Regardless of the hesitations and opposition, AI is here to stay, so be pragmatic. Understand the limits of AI. AI is a probabilistic machine. Humans are, too. Even given the shortcomings of AI, the benefits far outweigh the downsides. As long as you know to trust but verify, and the basics of how LLMs work, treat it as you would any other tool. Understand its utility and limitations, and use the tool where it fits your situation.
It’s still very early days with this latest incarnation of AI. Currently, AI models are improving every week.

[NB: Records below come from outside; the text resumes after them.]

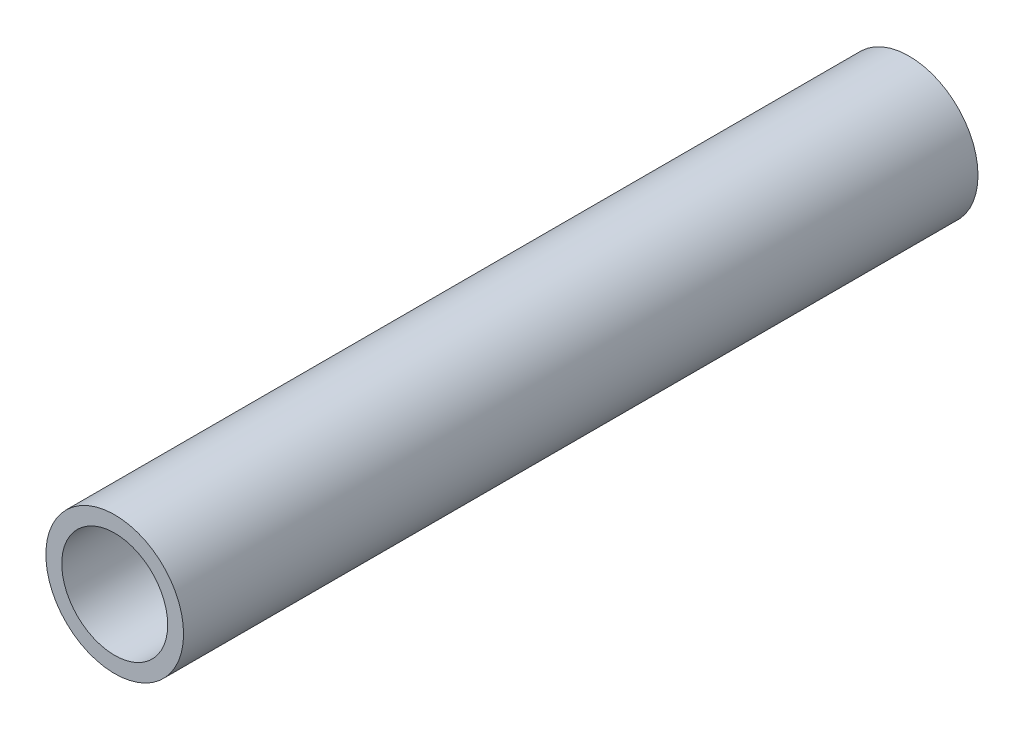
from build123d import *

# Parameters (mm, degrees)
SKETCH1_R           = 16.51
SKETCH1_R_2         = 12.7
BOSS_EXTRUDE1_DEPTH = 190.5


with BuildPart() as part:
    # Sketch1 → Boss-Extrude1 (new body)
    with BuildSketch(Plane.XY):
        Circle(SKETCH1_R)
        Circle(SKETCH1_R_2, mode=Mode.SUBTRACT)
    extrude(amount=BOSS_EXTRUDE1_DEPTH)


solid = part.part

Whatever I write here is subject to change, especially in discussions of specific AI capabilities. In the span I’ve been writing this book, the conversation has evolved from LLMs and AI to agentic AI and vibe coding. There’s a lot of interest in using AI for data modeling, and this is fresh territory you can explore and contribute to. Data professionals have a once-in-a-generation opportunity to steer their craft and unlock possibly unbelievable efficiencies and approaches to data modeling.
What AI tools do you use for recordings and diagrams?
Interesting piece on AI’s role in accelerating data modeling workflows.
Curious if you plan to dig deeper into the underlying techniques—particularly around Named Entity Recognition (NER)?
I’d love to hear your thoughts on the use of domain-specific NER models (like those from John Snow Labs, etc.) in extracting and structuring business concepts from stakeholder conversations and documentation. This feels like a powerful unlock for bridging unstructured inputs with conceptual and logical data models—especially in complex enterprise contexts.
Would be great to see a follow-up piece that unpacks this layer a bit more.